BEYOND ONE SIZE FITS ALL

While each woman has a unique set of risks and benefits, the new evidence makes it easier to figure out who may want to consider hormone therapy—and who shouldn’t.

Should a 72-year-old woman with no menopause symptoms consider hormones? “No!” replied Dr. Montgomery. “But it’s a very different answer when we talk about a 52-year-old woman who is suffering with symptoms that affect her quality of life. For her, it just doesn’t make sense to not take a medication for which there are convincing data that it will help keep her alive in the next decade while relieving her symptoms and improving her quality of life.”

Even if you do decide to get hormone therapy, a prudent approach is to start with the lowest dose that works—for the shortest duration. The current guidelines call for women who still have their uteruses who get hormone therapy to do so only up to five years and then reevaluate whether it’s appropriate to continue for up to another five years. However, said Dr. Seibel, “New data is rapidly supporting that the estrogen window is widening. Stay tuned.”
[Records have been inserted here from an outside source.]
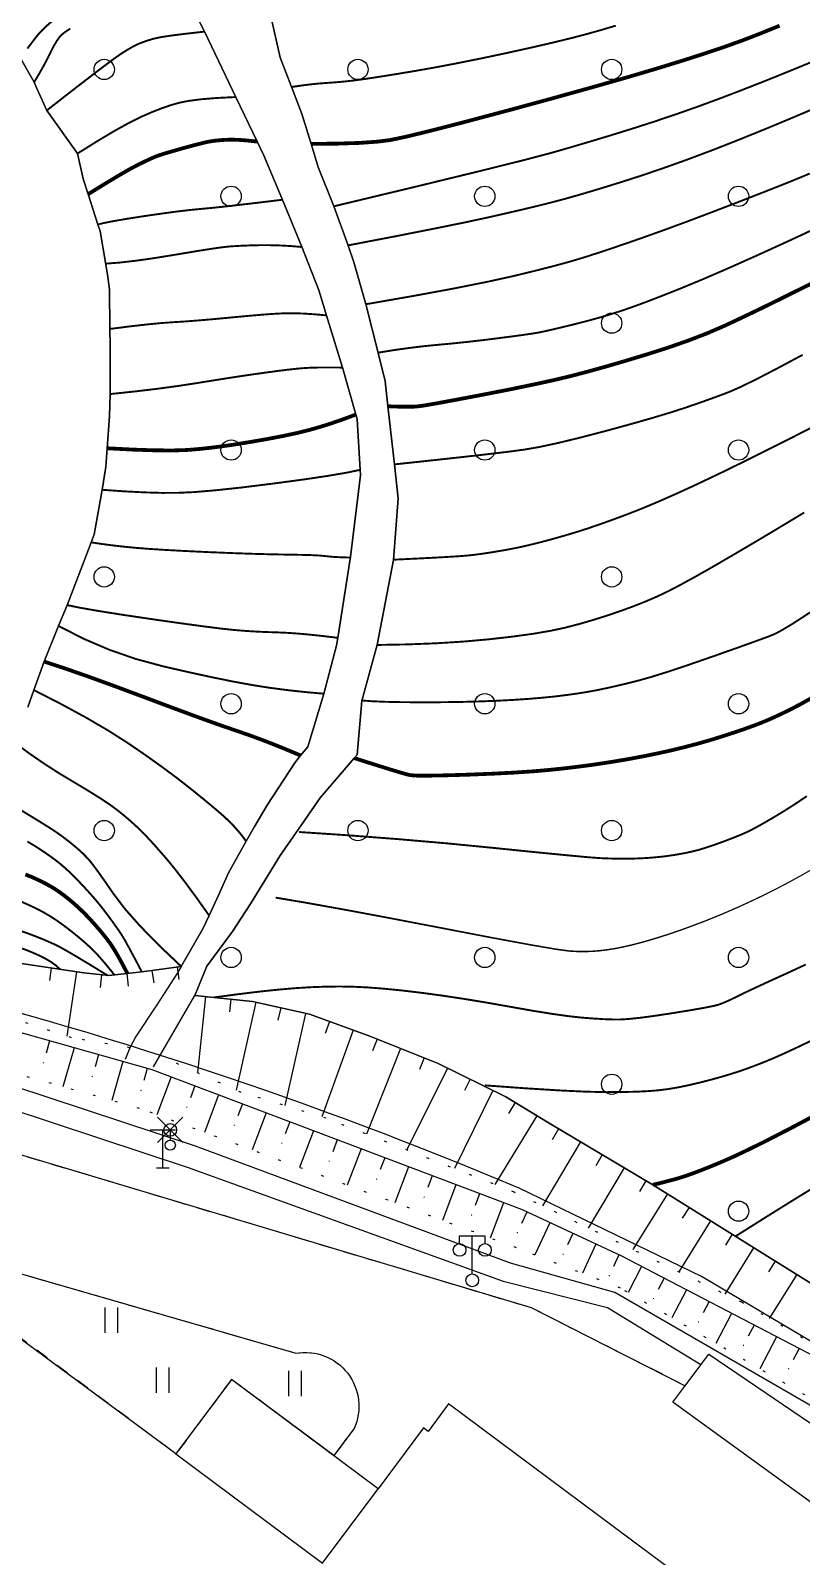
# Model space of a CAD drawing. Extents: x 396500 to 398250, y 1005980 to 1008200.
# Drawn here: x 396582.8 to 396613.2, y 1006693.8 to 1006754 of the extents above; entities that cross this region are included whole.
import ezdxf

# ---------------------------------------------------------------- set-up
doc = ezdxf.new("R2010")
doc.units = 0
doc.header["$LTSCALE"] = 0.5
doc.header["$PDMODE"] = 35
doc.header["$PDSIZE"] = 0.5
doc.linetypes.add('X4', pattern=[1.6, 0, -1.6])
doc.linetypes.add('X6', pattern=[2, 1, -1])
doc.layers.get('0').update_dxf_attribs({"linetype": 'CONTINUOUS'})
doc.layers.add('ASSIST', color=7, linetype='CONTINUOUS', plot=False)
for name, color, linetype in [('DGX', 2, 'CONTINUOUS'), ('DLDW', 11, 'CONTINUOUS'), ('DLSS', 4, 'CONTINUOUS'), ('DMTZ', 3, 'CONTINUOUS'), ('JMD', 6, 'CONTINUOUS'), ('ZBTZ', 3, 'CONTINUOUS')]:
    doc.layers.add(name, color=color, linetype=linetype)
doc.linetypes.add('10421', pattern='A,2,[150,AAA.SHX,S=1,R=0,X=0,Y=1],1e-11', length=2)
doc.linetypes.add('10422', pattern='A,2,[150,AAA.SHX,S=1,R=0,X=0,Y=1],2,[177,AAA.SHX,S=1,R=0,X=0,Y=0.8],1e-09', length=4)
doc.linetypes.add('1161', pattern='A,0,[149,AAA.SHX,S=0.15,R=0,X=0,Y=0],-1.6', length=1.6)
doc.linetypes.add('444', pattern='A,4.5,[145,AAA.SHX,S=1,R=0,X=0,Y=1],4.5,-0.5,[146,AAA.SHX,S=1,R=0,X=0,Y=0],-0.5', length=10)

# ---------------------------------------------------------------- blocks, each defined once
blk = doc.blocks.new('gc097')
for p, q in [((-1, 2.9), (-1, 3.5)), ((-1, 3.5), (1, 3.5)), ((0, 0.5), (0, 3.5)), ((1, 3.5), (1, 2.9))]:
    blk.add_line(p, q)
for centre in [(-1, 2.4), (1, 2.4), (0, 0)]:
    blk.add_circle(centre, 0.5)
blk = doc.blocks.new('gc063')
for p, q in [((-1, 3), (1, 3)), ((0, 0), (0, 3)), ((0.6, 3), (0.6, 2.2)), ((-0.5, 0), (0.5, 0))]:
    blk.add_line(p, q)
blk.add_circle((0.6, 1.8), 0.4)
blk.add_point((0.6, 3))
blk.add_point((0.6, 3))
blk = doc.blocks.new('gc323')
at = {"flags": 128}
for points in [[(-0.5, 0), (-0.5, 2)], [(0.5, 0), (0.5, 2)]]:
    blk.add_lwpolyline(points, dxfattribs=at)
blk = doc.blocks.new('gc326')
blk.add_circle((0, 0), 0.8)
blk = doc.blocks.new('GC200')
at = {"linetype": 'Continuous', "const_width": 0.2, "flags": 128}
blk.add_lwpolyline([(-0.1, 0, 1), (0.1, 0, 1)], format="xyb", close=True, dxfattribs=at)

msp = doc.modelspace()

# ---------------------------------------------------------------- linework, layer by layer
at = {"layer": 'ASSIST', "linetype": '1161'}
for points in [[(396580.967, 1006717.409), (396584.922, 1006716.811), (396585.916, 1006716.708), (396587.215, 1006716.853), (396587.899, 1006716.954), (396588.768, 1006717.066), (396588.873, 1006717.245), (396589.618, 1006718.547), (396589.863, 1006719.081), (396590.243, 1006719.91), (396590.634, 1006720.762), (396591.325, 1006722.003), (396591.637, 1006722.564), (396592.153, 1006723.421), (396593.238, 1006725.1), (396593.473, 1006725.384), (396593.753, 1006725.725), (396594.387, 1006727.818), (396594.882, 1006729.725), (396594.933, 1006730.021), (396595.436, 1006733.213), (396595.827, 1006736.43), (396595.816, 1006736.642), (396595.706, 1006738.64), (396595.654, 1006738.824), (396595.119, 1006740.673), (396594.493, 1006742.731), (396594.185, 1006743.73), (396593.514, 1006745.427), (396592.759, 1006747.289), (396592.019, 1006749.038), (396591.757, 1006749.581), (396590.912, 1006751.336), (396589.681, 1006753.914), (396588.863, 1006755.51)], [(396592.352, 1006754.281), (396592.672, 1006752.894), (396593.113, 1006751.733), (396593.515, 1006750.672), (396593.882, 1006749.49), (396594.167, 1006748.571), (396594.784, 1006747.03), (396595.34, 1006745.49), (396595.563, 1006744.824), (396596.039, 1006743.169), (396596.523, 1006741.26), (396596.8, 1006740.137), (396596.913, 1006739.146), (396597.176, 1006736.858), (396597.316, 1006735.516), (396597.137, 1006733.1), (396596.493, 1006729.74), (396595.883, 1006727.535), (396595.699, 1006725.414), (396595.584, 1006725.281), (396594.246, 1006723.708), (396593.384, 1006722.481), (396592.664, 1006721.44), (396591.502, 1006719.532), (396590.784, 1006718.451), (396589.78, 1006717.08), (396589.299, 1006715.926), (396591.569, 1006715.691), (396593.828, 1006715.182), (396596.205, 1006714.321), (396598.889, 1006713.246), (396601.557, 1006711.929), (396603.264, 1006710.885), (396607.355, 1006708.461), (396615.198, 1006703.569)], [(396582.428, 1006752.87), (396582.969, 1006751.921), (396583.081, 1006751.67), (396583.285, 1006751.214), (396583.467, 1006750.809), (396584.674, 1006749.108), (396584.896, 1006748.111), (396585.097, 1006747.508), (396585.486, 1006746.314), (396585.572, 1006746.049), (396585.794, 1006744.738), (396585.877, 1006744.245), (396585.946, 1006743.75), (396585.959, 1006742.196), (396585.965, 1006741.554), (396585.97, 1006739.63), (396585.94, 1006738.752), (396585.849, 1006737.492), (396585.796, 1006736.757), (396585.649, 1006735.856), (396585.337, 1006734.091), (396585.221, 1006733.784), (396584.881, 1006732.88), (396584.275, 1006731.31), (396583.936, 1006730.488), (396583.371, 1006729.083), (396582.962, 1006727.96), (396582.716, 1006727.285)]]:
    msp.add_lwpolyline(points, dxfattribs=at)
at = {"layer": 'ASSIST', "linetype": 'X4'}
for points in [[(396657.988, 1006671.982), (396655.198, 1006674.047), (396651.147, 1006677.129), (396650.827, 1006676.708), (396649.853, 1006677.231), (396646.467, 1006679.329), (396632.569, 1006688.235), (396625.454, 1006693.053), (396614.905, 1006699.277), (396606.078, 1006704.39), (396601.981, 1006705.978), (396587.123, 1006711.475), (396578.233, 1006713.982), (396568.544, 1006715.93), (396554.916, 1006718.275), (396548.557, 1006720.072), (396525.429, 1006729.389), (396500, 1006746.265)], [(396586.742, 1006713.865), (396584.448, 1006714.257), (396580.678, 1006715.492), (396579.162, 1006716.1)], [(396652.934, 1006677.239), (396646.373, 1006681.614), (396639.629, 1006685.904), (396629.543, 1006692.337), (396619.463, 1006698.769), (396610.855, 1006703.831), (396601.894, 1006708.169), (396594.478, 1006711.088), (396591.133, 1006712.104), (396587.927, 1006713.543)]]:
    msp.add_lwpolyline(points, dxfattribs=at)
at = {"layer": 'DGX', "linetype": 'Continuous', "const_width": 0.075}
for points in [[(396588.081, 1006757.108), (396587.887, 1006757.051), (396587.694, 1006756.984), (396587.504, 1006756.907), (396587.315, 1006756.82), (396587.096, 1006756.703), (396586.815, 1006756.538), (396586.471, 1006756.324), (396586.064, 1006756.062), (396585.641, 1006755.781), (396585.245, 1006755.509), (396584.876, 1006755.248), (396584.535, 1006754.996), (396584.232, 1006754.766), (396583.979, 1006754.57), (396583.776, 1006754.408), (396583.622, 1006754.28), (396583.498, 1006754.171), (396583.386, 1006754.069), (396583.285, 1006753.971), (396583.197, 1006753.88), (396583.087, 1006753.75), (396582.922, 1006753.538), (396582.702, 1006753.245)], [(396584.394, 1006754.035), (396584.216, 1006753.916), (396584.087, 1006753.819), (396583.979, 1006753.709), (396583.865, 1006753.552), (396583.743, 1006753.348), (396583.615, 1006753.096), (396583.476, 1006752.815), (396583.322, 1006752.526), (396583.153, 1006752.228), (396582.969, 1006751.921)], [(396605.89, 1006754.149), (396605.305, 1006753.975), (396604.749, 1006753.819), (396604.147, 1006753.661), (396603.425, 1006753.485), (396602.581, 1006753.29), (396601.617, 1006753.077), (396600.622, 1006752.865), (396599.688, 1006752.677), (396598.813, 1006752.511), (396597.998, 1006752.367), (396597.271, 1006752.246), (396596.656, 1006752.147), (396596.155, 1006752.07), (396595.768, 1006752.015), (396595.443, 1006751.974), (396595.13, 1006751.941), (396594.828, 1006751.915), (396594.536, 1006751.895), (396594.233, 1006751.873), (396593.895, 1006751.839), (396593.522, 1006751.792), (396593.113, 1006751.733)], [(396616.983, 1006754.159), (396616.113, 1006753.778), (396615.133, 1006753.357), (396614.041, 1006752.897), (396612.928, 1006752.436), (396611.884, 1006752.013), (396610.908, 1006751.629), (396610.002, 1006751.282), (396609.13, 1006750.961), (396608.26, 1006750.655), (396607.393, 1006750.363), (396606.527, 1006750.085), (396605.681, 1006749.823), (396604.872, 1006749.579), (396604.101, 1006749.351), (396603.367, 1006749.14), (396602.295, 1006748.857), (396600.506, 1006748.411), (396598.003, 1006747.802), (396594.784, 1006747.03)], [(396589.681, 1006753.914), (396588.939, 1006753.831), (396588.36, 1006753.757), (396587.942, 1006753.693), (396587.685, 1006753.637), (396587.517, 1006753.587), (396587.364, 1006753.537), (396587.226, 1006753.488), (396587.103, 1006753.441), (396586.975, 1006753.382), (396586.822, 1006753.301), (396586.644, 1006753.198), (396586.44, 1006753.072), (396586.092, 1006752.828), (396585.481, 1006752.37), (396584.606, 1006751.697), (396583.467, 1006750.809)], [(396590.912, 1006751.336), (396590.183, 1006751.3), (396589.567, 1006751.25), (396589.066, 1006751.186), (396588.678, 1006751.108), (396588.336, 1006751.01), (396587.973, 1006750.884), (396587.588, 1006750.732), (396587.181, 1006750.554), (396586.711, 1006750.32), (396586.136, 1006750.001), (396585.457, 1006749.597), (396584.674, 1006749.108)], [(396614.213, 1006751.099), (396612.942, 1006750.557), (396611.763, 1006750.066), (396610.677, 1006749.626), (396609.683, 1006749.236), (396608.745, 1006748.884), (396607.829, 1006748.556), (396606.933, 1006748.25), (396606.059, 1006747.969), (396605.242, 1006747.717), (396604.517, 1006747.501), (396603.885, 1006747.322), (396603.346, 1006747.179), (396602.819, 1006747.048), (396602.224, 1006746.905), (396601.56, 1006746.751), (396600.829, 1006746.585), (396599.912, 1006746.388), (396598.692, 1006746.14), (396597.168, 1006745.84), (396595.34, 1006745.49)], [(396613.538, 1006748.322), (396613.13, 1006748.15), (396612.524, 1006747.905), (396611.719, 1006747.587), (396610.716, 1006747.196), (396609.66, 1006746.79), (396608.697, 1006746.426), (396607.826, 1006746.105), (396607.046, 1006745.826), (396606.345, 1006745.581), (396605.706, 1006745.363), (396605.13, 1006745.172), (396604.618, 1006745.008), (396604.084, 1006744.849), (396603.446, 1006744.675), (396602.703, 1006744.486), (396601.857, 1006744.28), (396600.819, 1006744.051), (396599.503, 1006743.789), (396597.91, 1006743.495), (396596.039, 1006743.169)], [(396592.759, 1006747.289), (396591.652, 1006747.155), (396590.749, 1006747.05), (396590.052, 1006746.974), (396589.56, 1006746.928), (396589.126, 1006746.886), (396588.605, 1006746.825), (396587.996, 1006746.743), (396587.3, 1006746.642), (396586.632, 1006746.537), (396586.106, 1006746.448), (396585.724, 1006746.373), (396585.486, 1006746.314)], [(396614.067, 1006746.297), (396612.767, 1006745.691), (396611.467, 1006745.097), (396610.315, 1006744.583), (396609.312, 1006744.149), (396608.458, 1006743.796), (396607.723, 1006743.504), (396607.08, 1006743.256), (396606.527, 1006743.053), (396606.066, 1006742.894), (396605.638, 1006742.759), (396605.188, 1006742.626), (396604.714, 1006742.497), (396604.216, 1006742.37), (396603.751, 1006742.257), (396603.372, 1006742.167), (396603.08, 1006742.101), (396602.875, 1006742.058), (396602.652, 1006742.02), (396602.308, 1006741.97), (396601.844, 1006741.906), (396601.257, 1006741.83), (396600.623, 1006741.751), (396600.012, 1006741.682), (396599.427, 1006741.621), (396598.866, 1006741.569), (396598.307, 1006741.514), (396597.731, 1006741.444), (396597.136, 1006741.36), (396596.523, 1006741.26)], [(396593.514, 1006745.427), (396593.089, 1006745.463), (396592.665, 1006745.486), (396592.242, 1006745.497), (396591.819, 1006745.496), (396591.422, 1006745.486), (396591.074, 1006745.472), (396590.774, 1006745.454), (396590.523, 1006745.432), (396590.222, 1006745.394), (396589.773, 1006745.326), (396589.175, 1006745.23), (396588.43, 1006745.105), (396587.65, 1006744.979), (396586.95, 1006744.881), (396586.33, 1006744.811), (396585.789, 1006744.769)], [(396594.493, 1006742.731), (396594.014, 1006742.774), (396593.586, 1006742.802), (396593.21, 1006742.815), (396592.886, 1006742.814), (396592.531, 1006742.798), (396592.062, 1006742.766), (396591.478, 1006742.717), (396590.781, 1006742.652), (396590.07, 1006742.585), (396589.446, 1006742.531), (396588.909, 1006742.49), (396588.458, 1006742.462), (396587.996, 1006742.429), (396587.426, 1006742.374), (396586.747, 1006742.297), (396585.959, 1006742.196)], [(396613.26, 1006741.177), (396612.254, 1006740.639), (396611.436, 1006740.215), (396610.806, 1006739.907), (396610.362, 1006739.713), (396609.992, 1006739.572), (396609.58, 1006739.422), (396609.127, 1006739.261), (396608.633, 1006739.091), (396608.047, 1006738.902), (396607.323, 1006738.684), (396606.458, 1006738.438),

Dr. Montgomery recommended that women who do take hormone therapy revisit the decision every year. “Try drug holidays to see if you are still symptomatic. Menopause symptoms tend to last from one to 10 years, with four years the average—but about 10% of women are still symptomatic in their 70s. It’s very individual.”

Hormone therapy is not a one-size-fits-all treatment. There is no doubt that there are risks involved, as there are with nearly every drug or supplement, but the benefit-to-harm ratio for you depends on your unique set of circumstances. It’s a decision that every woman needs to make eventually—and now you have the latest information to discuss with your health-care provider as you figure out what’s best for you.